*REQUIRED ACTION*.
Only the lines below starting at the one that contains "#19=CARTESIAN_POINT('',(-70.,255.,-700.));" and ending at the one that contains "#40=EDGE_CURVE('E11',#39,#29,#37,.T.);" are to be reproduced, exactly and with both ends kept.
━━━━
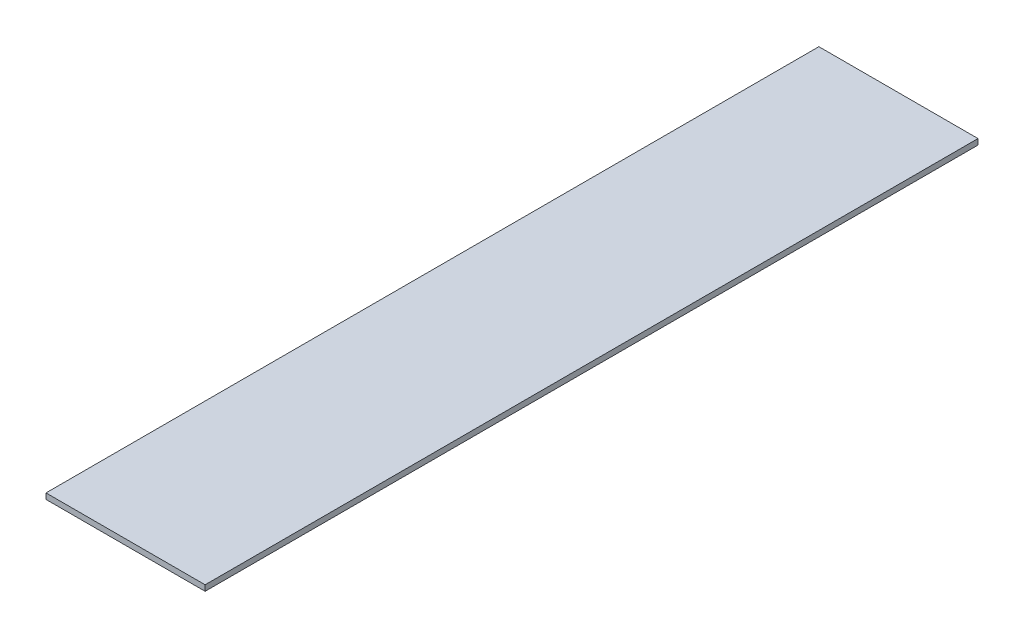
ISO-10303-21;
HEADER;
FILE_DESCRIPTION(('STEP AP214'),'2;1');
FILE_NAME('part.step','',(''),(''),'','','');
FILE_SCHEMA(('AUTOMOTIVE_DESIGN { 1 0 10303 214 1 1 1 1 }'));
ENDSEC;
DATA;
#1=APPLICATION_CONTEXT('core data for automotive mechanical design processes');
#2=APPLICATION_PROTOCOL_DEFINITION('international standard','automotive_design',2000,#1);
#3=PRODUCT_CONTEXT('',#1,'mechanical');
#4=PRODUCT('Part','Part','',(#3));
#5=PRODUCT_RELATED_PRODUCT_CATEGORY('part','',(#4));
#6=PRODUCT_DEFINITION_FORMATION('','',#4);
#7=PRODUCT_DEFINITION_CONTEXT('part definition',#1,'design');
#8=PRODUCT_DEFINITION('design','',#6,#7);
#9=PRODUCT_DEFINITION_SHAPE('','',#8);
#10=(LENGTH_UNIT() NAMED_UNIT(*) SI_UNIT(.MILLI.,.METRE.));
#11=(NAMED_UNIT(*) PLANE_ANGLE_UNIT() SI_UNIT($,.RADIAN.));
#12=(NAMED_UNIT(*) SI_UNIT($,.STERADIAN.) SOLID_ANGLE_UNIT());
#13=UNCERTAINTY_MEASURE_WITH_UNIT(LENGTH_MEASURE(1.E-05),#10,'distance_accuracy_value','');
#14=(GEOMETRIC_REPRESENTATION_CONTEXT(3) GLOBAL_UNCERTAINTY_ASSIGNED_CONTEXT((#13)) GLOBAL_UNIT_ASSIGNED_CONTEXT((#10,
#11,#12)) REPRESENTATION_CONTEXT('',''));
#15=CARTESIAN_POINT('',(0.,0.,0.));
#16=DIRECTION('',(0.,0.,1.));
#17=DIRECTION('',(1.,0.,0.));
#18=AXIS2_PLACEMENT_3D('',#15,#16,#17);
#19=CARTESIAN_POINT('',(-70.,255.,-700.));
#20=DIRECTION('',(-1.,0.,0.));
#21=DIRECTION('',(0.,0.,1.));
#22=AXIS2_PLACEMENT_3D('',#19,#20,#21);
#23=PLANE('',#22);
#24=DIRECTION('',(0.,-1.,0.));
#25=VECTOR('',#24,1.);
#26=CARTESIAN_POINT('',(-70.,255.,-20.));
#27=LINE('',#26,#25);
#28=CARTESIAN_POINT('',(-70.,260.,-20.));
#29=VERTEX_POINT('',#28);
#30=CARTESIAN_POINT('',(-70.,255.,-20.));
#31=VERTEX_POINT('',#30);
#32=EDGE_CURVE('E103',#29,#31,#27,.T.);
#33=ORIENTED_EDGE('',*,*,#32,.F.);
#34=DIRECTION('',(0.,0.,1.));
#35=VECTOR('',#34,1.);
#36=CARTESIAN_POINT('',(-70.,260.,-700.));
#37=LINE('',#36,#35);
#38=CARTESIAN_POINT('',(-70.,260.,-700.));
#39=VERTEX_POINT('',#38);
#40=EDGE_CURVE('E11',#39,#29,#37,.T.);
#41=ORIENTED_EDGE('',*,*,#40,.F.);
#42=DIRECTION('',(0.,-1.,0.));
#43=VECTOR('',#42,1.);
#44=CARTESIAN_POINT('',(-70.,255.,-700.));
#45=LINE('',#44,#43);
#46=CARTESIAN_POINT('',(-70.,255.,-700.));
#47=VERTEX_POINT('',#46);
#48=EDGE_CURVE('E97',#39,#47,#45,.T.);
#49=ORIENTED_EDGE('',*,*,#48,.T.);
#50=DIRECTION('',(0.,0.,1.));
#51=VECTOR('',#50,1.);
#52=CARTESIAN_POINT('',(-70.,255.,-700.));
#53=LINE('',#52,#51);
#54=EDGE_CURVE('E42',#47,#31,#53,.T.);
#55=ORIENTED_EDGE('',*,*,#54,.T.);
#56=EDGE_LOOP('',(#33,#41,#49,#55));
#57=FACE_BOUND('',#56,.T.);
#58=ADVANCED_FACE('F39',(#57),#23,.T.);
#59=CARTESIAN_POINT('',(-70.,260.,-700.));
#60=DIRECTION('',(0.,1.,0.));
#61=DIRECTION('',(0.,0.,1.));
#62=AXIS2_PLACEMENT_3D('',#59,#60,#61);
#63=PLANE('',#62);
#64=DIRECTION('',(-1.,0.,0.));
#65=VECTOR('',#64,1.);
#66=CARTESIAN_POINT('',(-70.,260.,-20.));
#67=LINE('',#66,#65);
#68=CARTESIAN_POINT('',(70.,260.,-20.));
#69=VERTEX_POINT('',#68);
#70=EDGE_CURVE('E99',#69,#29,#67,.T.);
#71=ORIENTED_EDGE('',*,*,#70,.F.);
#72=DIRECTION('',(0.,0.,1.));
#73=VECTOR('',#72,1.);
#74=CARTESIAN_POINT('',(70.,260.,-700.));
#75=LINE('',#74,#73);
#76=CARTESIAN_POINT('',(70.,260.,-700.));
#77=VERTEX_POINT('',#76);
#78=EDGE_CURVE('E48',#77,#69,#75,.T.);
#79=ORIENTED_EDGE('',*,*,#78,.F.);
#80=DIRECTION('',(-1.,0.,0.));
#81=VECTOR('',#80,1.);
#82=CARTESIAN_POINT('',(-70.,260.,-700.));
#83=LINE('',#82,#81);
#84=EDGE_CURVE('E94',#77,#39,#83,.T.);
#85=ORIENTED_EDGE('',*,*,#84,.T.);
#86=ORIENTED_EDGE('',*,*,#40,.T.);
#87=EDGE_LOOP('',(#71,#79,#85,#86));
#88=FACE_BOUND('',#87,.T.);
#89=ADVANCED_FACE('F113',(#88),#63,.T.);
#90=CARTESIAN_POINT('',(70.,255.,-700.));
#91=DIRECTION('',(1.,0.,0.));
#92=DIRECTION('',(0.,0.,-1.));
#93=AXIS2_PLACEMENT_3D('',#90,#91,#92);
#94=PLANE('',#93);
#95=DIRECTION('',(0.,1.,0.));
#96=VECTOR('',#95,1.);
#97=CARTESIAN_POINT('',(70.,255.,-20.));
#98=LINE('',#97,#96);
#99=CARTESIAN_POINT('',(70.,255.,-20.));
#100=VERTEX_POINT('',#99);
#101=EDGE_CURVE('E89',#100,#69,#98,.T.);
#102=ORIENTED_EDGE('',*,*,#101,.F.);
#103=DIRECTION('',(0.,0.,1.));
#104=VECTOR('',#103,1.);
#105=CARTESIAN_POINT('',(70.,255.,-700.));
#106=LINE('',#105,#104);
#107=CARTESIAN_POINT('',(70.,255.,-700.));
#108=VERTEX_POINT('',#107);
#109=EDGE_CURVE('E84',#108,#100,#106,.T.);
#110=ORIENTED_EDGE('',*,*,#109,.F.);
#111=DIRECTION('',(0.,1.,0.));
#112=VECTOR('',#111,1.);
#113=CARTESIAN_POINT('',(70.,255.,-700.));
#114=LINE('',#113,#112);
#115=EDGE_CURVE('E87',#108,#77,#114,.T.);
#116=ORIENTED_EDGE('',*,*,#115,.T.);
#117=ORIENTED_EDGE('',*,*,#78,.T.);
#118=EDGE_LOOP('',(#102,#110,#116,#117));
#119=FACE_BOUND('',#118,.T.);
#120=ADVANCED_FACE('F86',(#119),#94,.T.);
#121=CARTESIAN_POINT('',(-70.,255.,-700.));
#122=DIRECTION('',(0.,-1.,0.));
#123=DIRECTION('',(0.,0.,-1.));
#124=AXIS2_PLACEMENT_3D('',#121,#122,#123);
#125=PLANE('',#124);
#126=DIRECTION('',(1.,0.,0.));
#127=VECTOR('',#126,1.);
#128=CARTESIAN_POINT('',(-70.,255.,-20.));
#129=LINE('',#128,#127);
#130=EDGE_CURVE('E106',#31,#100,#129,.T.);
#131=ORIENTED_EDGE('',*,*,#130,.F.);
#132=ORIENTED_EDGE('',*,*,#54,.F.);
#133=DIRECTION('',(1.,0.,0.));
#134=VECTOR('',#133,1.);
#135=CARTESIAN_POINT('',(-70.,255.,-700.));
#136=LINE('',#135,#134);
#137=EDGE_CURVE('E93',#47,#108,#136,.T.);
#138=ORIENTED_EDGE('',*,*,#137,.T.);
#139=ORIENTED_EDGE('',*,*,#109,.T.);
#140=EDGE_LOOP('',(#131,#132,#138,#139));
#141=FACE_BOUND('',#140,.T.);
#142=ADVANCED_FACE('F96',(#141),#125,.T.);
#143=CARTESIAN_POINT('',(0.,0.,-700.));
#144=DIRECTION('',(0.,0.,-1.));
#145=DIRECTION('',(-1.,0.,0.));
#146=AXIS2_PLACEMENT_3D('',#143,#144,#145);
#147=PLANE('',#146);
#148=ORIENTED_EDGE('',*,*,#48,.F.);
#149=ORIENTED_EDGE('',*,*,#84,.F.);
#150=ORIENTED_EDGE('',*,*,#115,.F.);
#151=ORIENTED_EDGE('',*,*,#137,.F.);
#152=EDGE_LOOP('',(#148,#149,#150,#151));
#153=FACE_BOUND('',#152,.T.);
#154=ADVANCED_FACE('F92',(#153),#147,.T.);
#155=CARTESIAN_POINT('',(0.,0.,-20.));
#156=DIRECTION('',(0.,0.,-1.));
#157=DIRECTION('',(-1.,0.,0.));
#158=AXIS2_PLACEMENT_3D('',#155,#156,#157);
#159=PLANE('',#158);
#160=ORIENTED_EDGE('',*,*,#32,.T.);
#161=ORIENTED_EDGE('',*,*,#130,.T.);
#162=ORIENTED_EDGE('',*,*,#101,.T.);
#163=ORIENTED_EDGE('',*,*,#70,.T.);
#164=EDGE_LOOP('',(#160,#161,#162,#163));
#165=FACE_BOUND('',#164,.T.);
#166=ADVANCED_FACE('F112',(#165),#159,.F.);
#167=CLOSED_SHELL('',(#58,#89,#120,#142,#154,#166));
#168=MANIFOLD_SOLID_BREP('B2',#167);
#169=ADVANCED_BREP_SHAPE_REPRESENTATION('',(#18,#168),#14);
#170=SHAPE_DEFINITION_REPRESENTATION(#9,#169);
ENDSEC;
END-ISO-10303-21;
━━━━
*FINISHED EXERCISE*.
#19=CARTESIAN_POINT('',(-70.,255.,-700.));
#20=DIRECTION('',(-1.,0.,0.));
#21=DIRECTION('',(0.,0.,1.));
#22=AXIS2_PLACEMENT_3D('',#19,#20,#21);
#23=PLANE('',#22);
#24=DIRECTION('',(0.,-1.,0.));
#25=VECTOR('',#24,1.);
#26=CARTESIAN_POINT('',(-70.,255.,-20.));
#27=LINE('',#26,#25);
#28=CARTESIAN_POINT('',(-70.,260.,-20.));
#29=VERTEX_POINT('',#28);
#30=CARTESIAN_POINT('',(-70.,255.,-20.));
#31=VERTEX_POINT('',#30);
#32=EDGE_CURVE('E103',#29,#31,#27,.T.);
#33=ORIENTED_EDGE('',*,*,#32,.F.);
#34=DIRECTION('',(0.,0.,1.));
#35=VECTOR('',#34,1.);
#36=CARTESIAN_POINT('',(-70.,260.,-700.));
#37=LINE('',#36,#35);
#38=CARTESIAN_POINT('',(-70.,260.,-700.));
#39=VERTEX_POINT('',#38);
#40=EDGE_CURVE('E11',#39,#29,#37,.T.);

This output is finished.